Translations [selected, German to English]:
  • 2008: Sigrid Rieuwerts, Cultural Narratology [500-page monograph on ballads and narrative theory; English edition forthcoming] (German ed. Trier: Wissenschaftlicher Verlag, 2006).
  • 2006: D. Schmitt & F. T. Dausend, 'Empirical Findings on the Tax CAPM for the German Capital Market' [article], Social Science Research Network, February 2007.

Public Engagement

Dr Wilks has co-organised, chaired and presented at several London-based panel events promoting German culture to the curious general public. He also presented on a German and London themed extract from Samuel Beckett's Murphy for a London World Book Night event in 2017.

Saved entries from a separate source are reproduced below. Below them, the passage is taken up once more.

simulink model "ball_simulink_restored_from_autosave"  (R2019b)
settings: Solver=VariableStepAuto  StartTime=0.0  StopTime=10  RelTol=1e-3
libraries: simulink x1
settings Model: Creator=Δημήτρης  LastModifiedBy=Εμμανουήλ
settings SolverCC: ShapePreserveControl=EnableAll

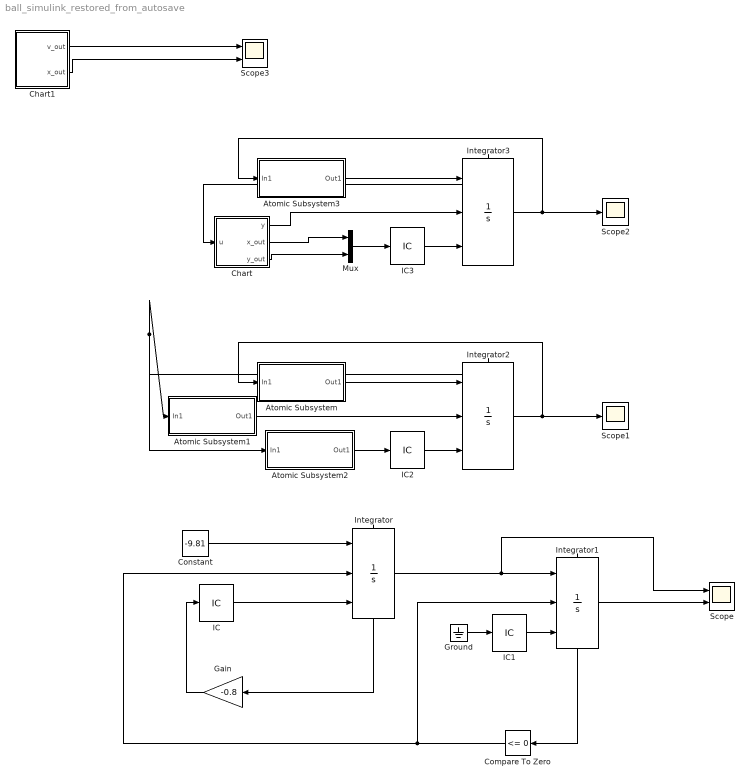
== system ball_simulink_restored_from_autosave ==
  Atomic Subsystem : Subsystem  TreatAsAtomicUnit=on
  Atomic Subsystem1 : Subsystem  TreatAsAtomicUnit=on
  Atomic Subsystem2 : Subsystem  TreatAsAtomicUnit=on
  Atomic Subsystem3 : Subsystem  TreatAsAtomicUnit=on
  Chart : Stateflow chart  BlockKeywords=__PRM__SERIALIZED__DATA__:Stateflow Chart,Stateflow Diagram  TreatAsAtomicUnit=on
  Chart1 : Stateflow chart  BlockKeywords=__PRM__SERIALIZED__DATA__:Stateflow Chart,Stateflow Diagram  TreatAsAtomicUnit=on
  Compare To Zero : simulink/Logic and Bit Operations/Compare To Zero  relop=<=  OutDataTypeStr=boolean
  Constant : Constant  Value=-9.81
  Gain : Gain  Gain=-0.8
  Ground : Ground
  IC : InitialCondition  Value=15
  IC1 : InitialCondition  Value=10
  IC2 : InitialCondition  Value=[10;15]
  IC3 : InitialCondition  Value=[10;15]
  Integrator : Integrator  ExternalReset=rising  InitialConditionSource=external  ShowStatePort=on
  Integrator1 : Integrator  ExternalReset=rising  InitialConditionSource=external  LimitOutput=on  ShowStatePort=on  IgnoreLimit=on
  Integrator2 : Integrator  ExternalReset=rising  InitialConditionSource=external  ShowStatePort=on  IgnoreLimit=on
  Integrator3 : Integrator  ExternalReset=rising  InitialConditionSource=external  ShowStatePort=on  IgnoreLimit=on
  Mux : Mux  Inputs=2
  Scope : Scope  NumInputPorts=2
  Scope1 : Scope
  Scope2 : Scope
  Scope3 : Scope  NumInputPorts=2
  wires:
  IC/1 -> Integrator/3
  Gain/1 -> IC/1
  Constant/1 -> Integrator/1
  Integrator/State -> Gain/1
  Integrator/1 -> Scope/1, Integrator1/1
  Integrator1/State -> Compare To Zero/1
  Compare To Zero/1 -> Integrator1/2, Integrator/2
  IC1/1 -> Integrator1/3
  Ground/1 -> IC1/1
  Integrator1/1 -> Scope/2
  Atomic Subsystem/1(Out1) -> Integrator2/1
  Atomic Subsystem1/1(Out1) -> Integrator2/2
  IC2/1 -> Integrator2/3
  Atomic Subsystem2/1(Out1) -> IC2/1
  Integrator2/1 -> Scope1/1, Atomic Subsystem/1(In1)
  Integrator2/State -> Atomic Subsystem1/1(In1), Atomic Subsystem2/1(In1)
  Integrator3/1 -> Atomic Subsystem3/1(In1), Scope2/1
  Chart/2(x_out) -> Mux/1
  Mux/1 -> IC3/1
  Atomic Subsystem3/1(Out1) -> Integrator3/1
  Integrator3/State -> Chart/1(u)
  Chart/3(y_out) -> Mux/2
  Chart/1(y) -> Integrator3/2
  IC3/1 -> Integrator3/3
  Chart1/1(v_out) -> Scope3/1
  Chart1/2(x_out) -> Scope3/2

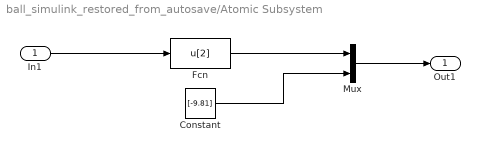
== system ball_simulink_restored_from_autosave/Atomic Subsystem ==
  In1 : Inport
  Constant : Constant  Value=[-9.81]
  Fcn : Fcn  Expr=u[2]
  Mux : Mux  Inputs=2
  Out1 : Outport
  wires:
  Mux/1 -> Out1/1
  Fcn/1 -> Mux/1
  In1/1 -> Fcn/1
  Constant/1 -> Mux/2

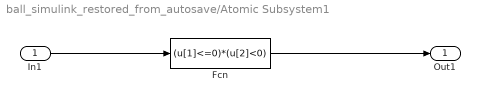
== system ball_simulink_restored_from_autosave/Atomic Subsystem1 ==
  In1 : Inport
  Fcn : Fcn  Expr=(u[1]<=0)*(u[2]<0)
  Out1 : Outport
  wires:
  In1/1 -> Fcn/1
  Fcn/1 -> Out1/1

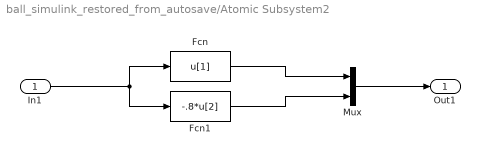
== system ball_simulink_restored_from_autosave/Atomic Subsystem2 ==
  In1 : Inport
  Fcn : Fcn  Expr=u[1]
  Fcn1 : Fcn  Expr=-.8*u[2]
  Mux : Mux  Inputs=2
  Out1 : Outport
  wires:
  Mux/1 -> Out1/1
  Fcn/1 -> Mux/1
  In1/1 -> Fcn1/1, Fcn/1
  Fcn1/1 -> Mux/2

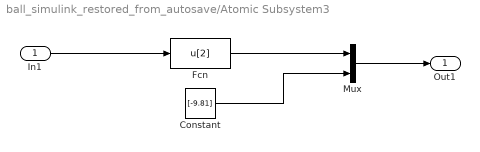
== system ball_simulink_restored_from_autosave/Atomic Subsystem3 ==
  In1 : Inport
  Constant : Constant  Value=[-9.81]
  Fcn : Fcn  Expr=u[2]
  Mux : Mux  Inputs=2
  Out1 : Outport
  wires:
  Constant/1 -> Mux/2
  In1/1 -> Fcn/1
  Fcn/1 -> Mux/1
  Mux/1 -> Out1/1

== stateflow chart ball_simulink_restored_from_autosave/Chart ==
  state on
    entry:y=0;
  state off
    entry:y=1;
    x_out=u(1);
    y_out=-0.8*u(2);
  (default) -> on
  on -> off : [u(1)<=0&&u(2)<0]
  off -> on
  data: y output; x_out output; y_out output; u input

== stateflow chart ball_simulink_restored_from_autosave/Chart1 ==
  settings: updateMethod=CONTINUOUS  executeAtInitialization=1  initializeOutput=1
  state BALL
    du:
    x_dot = v;
    v_dot = -9.81;
    %outputs
    x_out = x;
    v_out = v;
  (default) -> BALL : {
      | x = 10;
      | v = 15;
      | }
  BALL -> BALL : [x<=0&&v<0]
      | {x = 0;
      | v = -0.8.*v;}
  data: v_out output double; x local double; v local double; x_out output double
  data x settings: updateMethod=SF_CONTINUOUS_TIME_DATA
  data v settings: updateMethod=SF_CONTINUOUS_TIME_DATA
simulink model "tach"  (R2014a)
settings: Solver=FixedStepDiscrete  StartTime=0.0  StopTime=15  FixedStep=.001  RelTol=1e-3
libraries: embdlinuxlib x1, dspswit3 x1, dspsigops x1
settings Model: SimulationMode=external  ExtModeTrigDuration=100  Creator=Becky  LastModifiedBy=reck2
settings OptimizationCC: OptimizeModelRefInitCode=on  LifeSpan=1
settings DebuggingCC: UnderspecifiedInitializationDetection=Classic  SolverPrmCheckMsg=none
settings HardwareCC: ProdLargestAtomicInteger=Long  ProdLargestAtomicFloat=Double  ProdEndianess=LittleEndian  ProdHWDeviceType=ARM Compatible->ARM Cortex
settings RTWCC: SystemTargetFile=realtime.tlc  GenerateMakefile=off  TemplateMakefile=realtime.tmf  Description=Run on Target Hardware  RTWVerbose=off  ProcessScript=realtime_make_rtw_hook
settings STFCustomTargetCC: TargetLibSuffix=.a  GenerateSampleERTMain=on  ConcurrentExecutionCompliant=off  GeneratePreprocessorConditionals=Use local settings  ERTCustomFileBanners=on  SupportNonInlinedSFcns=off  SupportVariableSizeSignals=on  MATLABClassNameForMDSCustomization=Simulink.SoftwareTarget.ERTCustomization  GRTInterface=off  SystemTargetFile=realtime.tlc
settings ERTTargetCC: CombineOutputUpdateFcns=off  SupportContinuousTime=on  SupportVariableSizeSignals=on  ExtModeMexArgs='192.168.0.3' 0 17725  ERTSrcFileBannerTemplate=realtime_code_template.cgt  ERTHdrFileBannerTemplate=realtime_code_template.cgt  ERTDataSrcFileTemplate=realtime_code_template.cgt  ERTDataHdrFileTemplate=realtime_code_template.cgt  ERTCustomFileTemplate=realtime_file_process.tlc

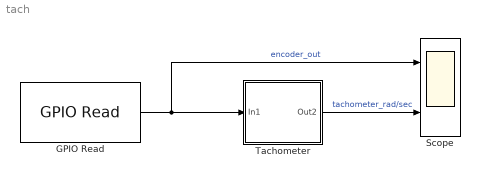
== system tach ==
  GPIO Read : embdlinuxlib/GPIO Read  board=Model B Rev2  gpio=22  internalResistor=Off  sampleTime=0.001  direction=Input  blockPlatform=Raspberry Pi
  Scope : Scope  NumInputPorts=2
      settings: TimeRange=15  YMin=-0.2~0  YMax=1.2~70
  Tachometer : Subsystem
  wires:
  GPIO Read/1 -> Scope/1, Tachometer/1(In1)  "encoder_out"
  Tachometer/1(Out2) -> Scope/2  "tachometer_rad/sec"

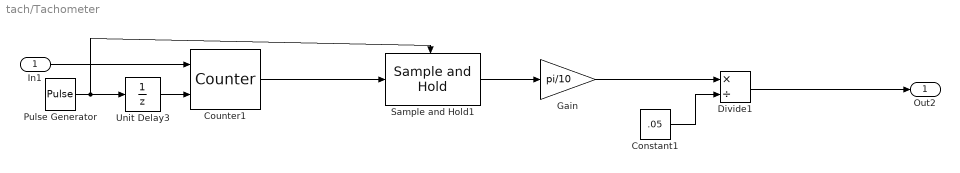
== system tach/Tachometer ==
  In1 : Inport
  Constant1 : Constant  Value=.05
  Counter1 : dspswit3/Counter  Direction=Up  CountEvent=Rising edge  CounterSize=User defined  MaxCount=256  InitialCount=0  Output=Count  HitValue=1  ResetInput=on  SamplesPerFrame=1  Ts=1  CntDtype=double  HitDtype=Logical
  Divide1 : Product  Inputs=*/
  Gain : Gain  Gain=pi/10
  Pulse Generator : DiscretePulseGenerator  PulseType=Time based  Period=.05  PulseWidth=10
  Sample and Hold1 : dspsigops/Sample and Hold  trig=Rising edge  initCond=1  latchinput=off
  Unit Delay3 : UnitDelay  SampleTime=-1
  Out2 : Outport
  wires:
  In1/1 -> Counter1/1
  Counter1/1 -> Sample and Hold1/1
  Constant1/1 -> Divide1/2
  Divide1/1 -> Out2/1
  Pulse Generator/1 -> Sample and Hold1/Trigger, Unit Delay3/1
  Gain/1 -> Divide1/1
  Unit Delay3/1 -> Counter1/2
  Sample and Hold1/1 -> Gain/1

Since 2017, Dr Wilks has promoted German studies to students from two sixth forms by devising and presenting German literature and translation sessions. He also designed and hosted a French-medium Routes Into Languages workshop on an A-Level set film in 2018 for students and teachers from several Welsh schools. At QMUL, Dr Wilks has presented on Film in Modern Languages to two groups of visiting school pupils and teachers to an academic outreach event organised by The Access Project.